CAP-XX supercapacitors power super-bright LED flash

March 10, 2006
An Australian company has unveiled its BriteFlash power architecture for high-resolution LED flash in camera phones.
As phone manufacturers continue to introduce handsets with high-resolution cameras (2 megapixels and above), they are also seeking to enhance the performance of LED flash modules to allow users to take decent photos in low light conditions.

Although high-power LEDs are being used in handsets, it is difficult to supply sufficient current from the battery to drive the LEDs to the level required for adequate light output during the flash "event".

Fig 1. Nokia retrofitCAP-XX Inc, a manufacturer of supercapacitors based in Sydney, Australia, has developed a drive architecture which combines high-power white LEDs with a supercapacitor and associated driver circuitry.

The CAP-XX BriteFlash power architecture uses a low-current charge pump (boost converter) to charge the supercapacitor to 5.5 volts, then the supercapacitor drives the LED at very high current for the flash pulse.

The supercapacitor approach makes it possible to drive four LEDs at close to 1 A each, while only drawing a maximum of 300 mA from the battery. The supercapacitor is charged with a current of 250 mA to support a recovery time between flashes of approximately 2 seconds. CAP-XX says that this is less time than the LED needs for thermal recovery between flashes.

Most solutions for driving high-power LEDs use special-purpose boost converter ICs that are capable of delivering around 1 A to a single LED. Without a supercapacitor, the boost converter has to be sized for peak flash current, while in the CAP-XX case a lower-cost, smaller boost converter or charge pump is needed to supply the supercapacitor with its low charging current of 250 mA.
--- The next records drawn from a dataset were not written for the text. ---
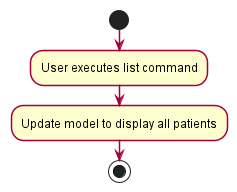

The diagram above was rendered by PlantUML. Its source (embedded in the PNG):
@startuml
skinparam activity {
    ArrowColor #A80036
    BackgroundColor #FEFECE
    BorderColor #A80036
    BorderThickness 1.5
}
start
:User executes list command;
:Update model to display all patients;
stop

@enduml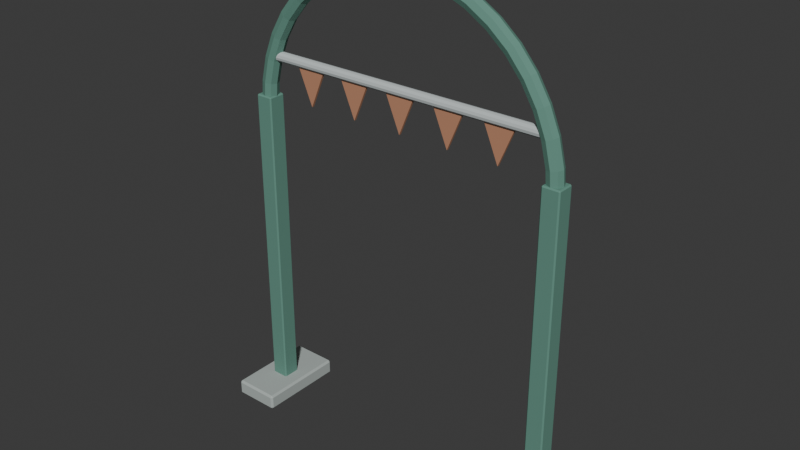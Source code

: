 # Source: source.blend  (saved by Blender 4.3.34; exported with 4.5.12 LTS)
import bpy
from mathutils import Matrix  # noqa: F401  (used for matrix-valued properties, if any)

bpy.ops.wm.read_factory_settings(use_empty=True)
scene = bpy.context.scene
scene.name = 'Scene'

# ---- collections
col_collection = bpy.data.collections.new('Collection'); scene.collection.children.link(col_collection)

# ---- materials (node trees are filled in below, after node groups)
mat_teal = bpy.data.materials.new('teal')
mat_teal.diffuse_color = (0.12, 0.28, 0.22, 1.0)
mat_fungus_coral = bpy.data.materials.new('fungus-coral')
mat_fungus_coral.diffuse_color = (0.5, 0.24, 0.14, 1.0)
mat_stone = bpy.data.materials.new('stone')
mat_stone.diffuse_color = (0.42, 0.47, 0.45, 1.0)
mat_frame = bpy.data.materials.new('frame')
mat_frame.diffuse_color = (0.55, 0.6, 0.6, 1.0)

# ---- material node trees
mat_teal.use_nodes = True; mat_teal.node_tree.nodes.clear()
_N = mat_teal.node_tree.nodes; _L = mat_teal.node_tree.links
n0 = _N.new('ShaderNodeBsdfPrincipled'); n0.name = 'Principled BSDF'; n0.location = (10, 300)
n0.inputs[0].default_value = (0.12, 0.28, 0.22, 1.0)
n0.inputs[2].default_value = 0.83
n1 = _N.new('ShaderNodeOutputMaterial'); n1.name = 'Material Output'; n1.location = (300, 300)
_L.new(n0.outputs[0], n1.inputs[0])
n1.is_active_output = True
mat_fungus_coral.use_nodes = True; mat_fungus_coral.node_tree.nodes.clear()
_N = mat_fungus_coral.node_tree.nodes; _L = mat_fungus_coral.node_tree.links
n0 = _N.new('ShaderNodeBsdfPrincipled'); n0.name = 'Principled BSDF'; n0.location = (10, 300)
n0.inputs[0].default_value = (0.5, 0.24, 0.14, 1.0)
n0.inputs[2].default_value = 0.83
n1 = _N.new('ShaderNodeOutputMaterial'); n1.name = 'Material Output'; n1.location = (300, 300)
_L.new(n0.outputs[0], n1.inputs[0])
n1.is_active_output = True
mat_stone.use_nodes = True; mat_stone.node_tree.nodes.clear()
_N = mat_stone.node_tree.nodes; _L = mat_stone.node_tree.links
n0 = _N.new('ShaderNodeBsdfPrincipled'); n0.name = 'Principled BSDF'; n0.location = (10, 300)
n0.inputs[0].default_value = (0.42, 0.47, 0.45, 1.0)
n0.inputs[2].default_value = 0.83
n1 = _N.new('ShaderNodeOutputMaterial'); n1.name = 'Material Output'; n1.location = (300, 300)
_L.new(n0.outputs[0], n1.inputs[0])
n1.is_active_output = True
mat_frame.use_nodes = True; mat_frame.node_tree.nodes.clear()
_N = mat_frame.node_tree.nodes; _L = mat_frame.node_tree.links
n0 = _N.new('ShaderNodeBsdfPrincipled'); n0.name = 'Principled BSDF'; n0.location = (10, 300)
n0.inputs[0].default_value = (0.55, 0.6, 0.6, 1.0)
n0.inputs[2].default_value = 0.83
n1 = _N.new('ShaderNodeOutputMaterial'); n1.name = 'Material Output'; n1.location = (300, 300)
_L.new(n0.outputs[0], n1.inputs[0])
n1.is_active_output = True

# ---- world
world_world = bpy.data.worlds.new('World'); scene.world = world_world
world_world.use_nodes = True; world_world.node_tree.nodes.clear()
_N = world_world.node_tree.nodes; _L = world_world.node_tree.links
n0 = _N.new('ShaderNodeOutputWorld'); n0.name = 'World Output'; n0.location = (300, 300)
n1 = _N.new('ShaderNodeBackground'); n1.name = 'Background'; n1.location = (10, 300)
n1.inputs[0].default_value = (0.05088, 0.05088, 0.05088, 1.0)
_L.new(n1.outputs[0], n0.inputs[0])
n0.is_active_output = True
world_world.color = (0.05088, 0.05088, 0.05088)
world_world.sun_shadow_jitter_overblur = 0.0

# ---- meshes
me_arch_curved_beam = bpy.data.meshes.new('Arch curved beam')
me_arch_curved_beam.from_pydata([(0.84, 0.0, 1.6), (0.8283, 0.02828, 1.6), (0.8, 0.04, 1.6), (0.7717, 0.02828, 1.6), (0.76, 4.899e-18, 1.6), (0.7717, -0.02828, 1.6), (0.8, -0.04, 1.6), (0.8283, -0.02828, 1.6), (0.8297, 0.0, 1.731), (0.8181, 0.02828, 1.73), (0.7902, 0.04, 1.725), (0.7622, 0.02828, 1.721), (0.7506, 4.899e-18, 1.719), (0.7622, -0.02828, 1.721), (0.7902, -0.04, 1.725), (0.8181, -0.02828, 1.73), (0.7989, 0.0, 1.86), (0.7877, 0.02828, 1.856), (0.7608, 0.04, 1.847), (0.7339, 0.02828, 1.838), (0.7228, 4.899e-18, 1.835), (0.7339, -0.02828, 1.838), (0.7608, -0.04, 1.847), (0.7877, -0.02828, 1.856), (0.7484, 0.0, 1.981), (0.738, 0.02828, 1.976), (0.7128, 0.04, 1.963), (0.6876, 0.02828, 1.95), (0.6772, 4.899e-18, 1.945), (0.6876, -0.02828, 1.95), (0.7128, -0.04, 1.963), (0.738, -0.02828, 1.976), (0.6796, 0.0, 2.094), (0.6701, 0.02828, 2.087), (0.6472, 0.04, 2.07), (0.6243, 0.02828, 2.054), (0.6149, 4.899e-18, 2.047), (0.6243, -0.02828, 2.054), (0.6472, -0.04, 2.07), (0.6701, -0.02828, 2.087), (0.594, 0.0, 2.194), (0.5857, 0.02828, 2.186), (0.5657, 0.04, 2.166), (0.5457, 0.02828, 2.146), (0.5374, 4.899e-18, 2.137), (0.5457, -0.02828, 2.146), (0.5657, -0.04, 2.166), (0.5857, -0.02828, 2.186), (0.4937, 0.0, 2.28), (0.4869, 0.02828, 2.27), (0.4702, 0.04, 2.247), (0.4536, 0.02828, 2.224), (0.4467, 4.899e-18, 2.215), (0.4536, -0.02828, 2.224), (0.4702, -0.04, 2.247), (0.4869, -0.02828, 2.27), (0.3814, 0.0, 2.348), (0.376, 0.02828, 2.338), (0.3632, 0.04, 2.313), (0.3504, 0.02828, 2.288), (0.345, 4.899e-18, 2.277), (0.3504, -0.02828, 2.288), (0.3632, -0.04, 2.313), (0.376, -0.02828, 2.338), (0.2596, 0.0, 2.399), (0.256, 0.02828, 2.388), (0.2472, 0.04, 2.361), (0.2385, 0.02828, 2.334), (0.2349, 4.899e-18, 2.323), (0.2385, -0.02828, 2.334), (0.2472, -0.04, 2.361), (0.256, -0.02828, 2.388), (0.1314, 0.0, 2.43), (0.1296, 0.02828, 2.418), (0.1251, 0.04, 2.39), (0.1207, 0.02828, 2.362), (0.1189, 4.899e-18, 2.351), (0.1207, -0.02828, 2.362), (0.1251, -0.04, 2.39), (0.1296, -0.02828, 2.418), (5.144e-17, 0.0, 2.44), (5.072e-17, 0.02828, 2.428), (4.899e-17, 0.04, 2.4), (4.725e-17, 0.02828, 2.372), (4.654e-17, 4.899e-18, 2.36), (4.725e-17, -0.02828, 2.372), (4.899e-17, -0.04, 2.4), (5.072e-17, -0.02828, 2.428), (-0.1314, 0.0, 2.43), (-0.1296, 0.02828, 2.418), (-0.1251, 0.04, 2.39), (-0.1207, 0.02828, 2.362), (-0.1189, 4.899e-18, 2.351), (-0.1207, -0.02828, 2.362), (-0.1251, -0.04, 2.39), (-0.1296, -0.02828, 2.418), (-0.2596, 0.0, 2.399), (-0.256, 0.02828, 2.388), (-0.2472, 0.04, 2.361), (-0.2385, 0.02828, 2.334), (-0.2349, 4.899e-18, 2.323), (-0.2385, -0.02828, 2.334), (-0.2472, -0.04, 2.361), (-0.256, -0.02828, 2.388), (-0.3814, 0.0, 2.348), (-0.376, 0.02828, 2.338), (-0.3632, 0.04, 2.313), (-0.3504, 0.02828, 2.288), (-0.345, 4.899e-18, 2.277), (-0.3504, -0.02828, 2.288), (-0.3632, -0.04, 2.313), (-0.376, -0.02828, 2.338), (-0.4937, 0.0, 2.28), (-0.4869, 0.02828, 2.27), (-0.4702, 0.04, 2.247), (-0.4536, 0.02828, 2.224), (-0.4467, 4.899e-18, 2.215), (-0.4536, -0.02828, 2.224), (-0.4702, -0.04, 2.247), (-0.4869, -0.02828, 2.27), (-0.594, 0.0, 2.194), (-0.5857, 0.02828, 2.186), (-0.5657, 0.04, 2.166), (-0.5457, 0.02828, 2.146), (-0.5374, 4.899e-18, 2.137), (-0.5457, -0.02828, 2.146), (-0.5657, -0.04, 2.166), (-0.5857, -0.02828, 2.186), (-0.6796, 0.0, 2.094), (-0.6701, 0.02828, 2.087), (-0.6472, 0.04, 2.07), (-0.6243, 0.02828, 2.054), (-0.6149, 4.899e-18, 2.047), (-0.6243, -0.02828, 2.054), (-0.6472, -0.04, 2.07), (-0.6701, -0.02828, 2.087), (-0.7484, 0.0, 1.981), (-0.738, 0.02828, 1.976), (-0.7128, 0.04, 1.963), (-0.6876, 0.02828, 1.95), (-0.6772, 4.899e-18, 1.945), (-0.6876, -0.02828, 1.95), (-0.7128, -0.04, 1.963), (-0.738, -0.02828, 1.976), (-0.7989, 0.0, 1.86), (-0.7877, 0.02828, 1.856), (-0.7608, 0.04, 1.847), (-0.7339, 0.02828, 1.838), (-0.7228, 4.899e-18, 1.835), (-0.7339, -0.02828, 1.838), (-0.7608, -0.04, 1.847), (-0.7877, -0.02828, 1.856), (-0.8297, 0.0, 1.731), (-0.8181, 0.02828, 1.73), (-0.7902, 0.04, 1.725), (-0.7622, 0.02828, 1.721), (-0.7506, 4.899e-18, 1.719), (-0.7622, -0.02828, 1.721), (-0.7902, -0.04, 1.725), (-0.8181, -0.02828, 1.73), (-0.84, 0.0, 1.6), (-0.8283, 0.02828, 1.6), (-0.8, 0.04, 1.6), (-0.7717, 0.02828, 1.6), (-0.76, 4.899e-18, 1.6), (-0.7717, -0.02828, 1.6), (-0.8, -0.04, 1.6), (-0.8283, -0.02828, 1.6)], [], [(7, 6, 5, 4, 3, 2, 1, 0), (160, 161, 162, 163, 164, 165, 166, 167), (0, 1, 9, 8), (1, 2, 10, 9), (2, 3, 11, 10), (3, 4, 12, 11), (4, 5, 13, 12), (5, 6, 14, 13), (6, 7, 15, 14), (7, 0, 8, 15), (8, 9, 17, 16), (9, 10, 18, 17), (10, 11, 19, 18), (11, 12, 20, 19), (12, 13, 21, 20), (13, 14, 22, 21), (14, 15, 23, 22), (15, 8, 16, 23), (16, 17, 25, 24), (17, 18, 26, 25), (18, 19, 27, 26), (19, 20, 28, 27), (20, 21, 29, 28), (21, 22, 30, 29), (22, 23, 31, 30), (23, 16, 24, 31), (24, 25, 33, 32), (25, 26, 34, 33), (26, 27, 35, 34), (27, 28, 36, 35), (28, 29, 37, 36), (29, 30, 38, 37), (30, 31, 39, 38), (31, 24, 32, 39), (32, 33, 41, 40), (33, 34, 42, 41), (34, 35, 43, 42), (35, 36, 44, 43), (36, 37, 45, 44), (37, 38, 46, 45), (38, 39, 47, 46), (39, 32, 40, 47), (40, 41, 49, 48), (41, 42, 50, 49), (42, 43, 51, 50), (43, 44, 52, 51), (44, 45, 53, 52), (45, 46, 54, 53), (46, 47, 55, 54), (47, 40, 48, 55), (48, 49, 57, 56), (49, 50, 58, 57), (50, 51, 59, 58), (51, 52, 60, 59), (52, 53, 61, 60), (53, 54, 62, 61), (54, 55, 63, 62), (55, 48, 56, 63), (56, 57, 65, 64), (57, 58, 66, 65), (58, 59, 67, 66), (59, 60, 68, 67), (60, 61, 69, 68), (61, 62, 70, 69), (62, 63, 71, 70), (63, 56, 64, 71), (64, 65, 73, 72), (65, 66, 74, 73), (66, 67, 75, 74), (67, 68, 76, 75), (68, 69, 77, 76), (69, 70, 78, 77), (70, 71, 79, 78), (71, 64, 72, 79), (72, 73, 81, 80), (73, 74, 82, 81), (74, 75, 83, 82), (75, 76, 84, 83), (76, 77, 85, 84), (77, 78, 86, 85), (78, 79, 87, 86), (79, 72, 80, 87), (80, 81, 89, 88), (81, 82, 90, 89), (82, 83, 91, 90), (83, 84, 92, 91), (84, 85, 93, 92), (85, 86, 94, 93), (86, 87, 95, 94), (87, 80, 88, 95), (88, 89, 97, 96), (89, 90, 98, 97), (90, 91, 99, 98), (91, 92, 100, 99), (92, 93, 101, 100), (93, 94, 102, 101), (94, 95, 103, 102), (95, 88, 96, 103), (96, 97, 105, 104), (97, 98, 106, 105), (98, 99, 107, 106), (99, 100, 108, 107), (100, 101, 109, 108), (101, 102, 110, 109), (102, 103, 111, 110), (103, 96, 104, 111), (104, 105, 113, 112), (105, 106, 114, 113), (106, 107, 115, 114), (107, 108, 116, 115), (108, 109, 117, 116), (109, 110, 118, 117), (110, 111, 119, 118), (111, 104, 112, 119), (112, 113, 121, 120), (113, 114, 122, 121), (114, 115, 123, 122), (115, 116, 124, 123), (116, 117, 125, 124), (117, 118, 126, 125), (118, 119, 127, 126), (119, 112, 120, 127), (120, 121, 129, 128), (121, 122, 130, 129), (122, 123, 131, 130), (123, 124, 132, 131), (124, 125, 133, 132), (125, 126, 134, 133), (126, 127, 135, 134), (127, 120, 128, 135), (128, 129, 137, 136), (129, 130, 138, 137), (130, 131, 139, 138), (131, 132, 140, 139), (132, 133, 141, 140), (133, 134, 142, 141), (134, 135, 143, 142), (135, 128, 136, 143), (136, 137, 145, 144), (137, 138, 146, 145), (138, 139, 147, 146), (139, 140, 148, 147), (140, 141, 149, 148), (141, 142, 150, 149), (142, 143, 151, 150), (143, 136, 144, 151), (144, 145, 153, 152), (145, 146, 154, 153), (146, 147, 155, 154), (147, 148, 156, 155), (148, 149, 157, 156), (149, 150, 158, 157), (150, 151, 159, 158), (151, 144, 152, 159), (152, 153, 161, 160), (153, 154, 162, 161), (154, 155, 163, 162), (155, 156, 164, 163), (156, 157, 165, 164), (157, 158, 166, 165), (158, 159, 167, 166), (159, 152, 160, 167)])
me_arch_curved_beam.materials.append(mat_teal)
me_arch_curved_beam.update()
me_pennant_flag = bpy.data.meshes.new('Pennant flag')
me_pennant_flag.from_pydata([(-0.61, -0.006, 1.874), (-0.61, 0.006, 1.874), (-0.43, -0.006, 1.874), (-0.43, 0.006, 1.874), (-0.52, -0.006, 1.66), (-0.52, 0.006, 1.66)], [], [(0, 4, 2), (1, 3, 5), (0, 2, 3, 1), (2, 4, 5, 3), (4, 0, 1, 5)])
me_pennant_flag.materials.append(mat_fungus_coral)
me_pennant_flag.update()
me_pennant_flag_001 = bpy.data.meshes.new('Pennant flag.001')
me_pennant_flag_001.from_pydata([(-0.35, -0.006, 1.874), (-0.35, 0.006, 1.874), (-0.17, -0.006, 1.874), (-0.17, 0.006, 1.874), (-0.26, -0.006, 1.66), (-0.26, 0.006, 1.66)], [], [(0, 4, 2), (1, 3, 5), (0, 2, 3, 1), (2, 4, 5, 3), (4, 0, 1, 5)])
me_pennant_flag_001.materials.append(mat_fungus_coral)
me_pennant_flag_001.update()
me_pennant_flag_002 = bpy.data.meshes.new('Pennant flag.002')
me_pennant_flag_002.from_pydata([(-0.09, -0.006, 1.874), (-0.09, 0.006, 1.874), (0.09, -0.006, 1.874), (0.09, 0.006, 1.874), (0.0, -0.006, 1.66), (0.0, 0.006, 1.66)], [], [(0, 4, 2), (1, 3, 5), (0, 2, 3, 1), (2, 4, 5, 3), (4, 0, 1, 5)])
me_pennant_flag_002.materials.append(mat_fungus_coral)
me_pennant_flag_002.update()
me_pennant_flag_003 = bpy.data.meshes.new('Pennant flag.003')
me_pennant_flag_003.from_pydata([(0.17, -0.006, 1.874), (0.17, 0.006, 1.874), (0.35, -0.006, 1.874), (0.35, 0.006, 1.874), (0.26, -0.006, 1.66), (0.26, 0.006, 1.66)], [], [(0, 4, 2), (1, 3, 5), (0, 2, 3, 1), (2, 4, 5, 3), (4, 0, 1, 5)])
me_pennant_flag_003.materials.append(mat_fungus_coral)
me_pennant_flag_003.update()
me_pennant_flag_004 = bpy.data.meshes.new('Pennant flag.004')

Figure 2a. Unmodified phone Anthony Kongats, CEO of CAP-XX, told LEDs Magazine that the supercapacitor route is the only way to drive several power LEDs at close to 1A. "The battery simply can't provide enough current without using a supercapacitor," he said. "If it tried to provide 4 A of current it would probably cause the phone to shut down."
Figure 2b. Modified phone To demonstrate the increased flash power and ease of design-in, CAP-XX engineers retrofitted a Nokia 6680 handset (figure 1). The original 4-die LED was replaced by 4 Lumileds PWF1 devices (rated at 1 A), and a supercapacitor, charge pump and associated circuitry were added. The supercapacitor is 1.2 mm thick, and the phone was reassembled with almost no difference in appearance.

While the original LEDs drew 70 mA per die (or 1 W in total), the supercapacitor drove the new LEDs at 0.9 A each, or 15 W in total, with a flash duration of 160 ms.

The photos in Figure 2 from the unmodified phone (dark) and the modified phone with supercapacitor, at a distance of 2 m with no ambient light, clearly show the difference in flash performance.

Figure 3 Figure 3 shows that while the supercapacitor provides a peak current of 4 A during the flash, the maximum current draw from the battery is only 300 mA which goes to recharge the supercapacitor.

“Greater than 2-megapixel camera phones require a high-intensity flash in medium to low light conditions to ensure good pictures,” said Anthony Kongats. “Some solutions are available but lack adequate power to produce quality photos in all light conditions. Our BriteFlash power architecture completes the equation with the power to drive today’s LEDs.”

The total cost of the CAP-XX BriteFlash solution is US $4 to $5 including the LEDs, supercapacitors and circuitry. The supercapacitor alone costs $1.50 for the single-cell solution and $2.50 for the dual-cell one in quantities of 500,000 to 1 million.

Kongats adds that CAP-XX is working with flash/LED driver suppliers to develop supercapacitor-optimized charge pump LED drivers to further increase camera phone power subsystem integration and reduce costs.

CAP-XX, which develops and manufactures supercapacitors, is a private company based in Sydney, Australia, with additional production facilities in Malaysia.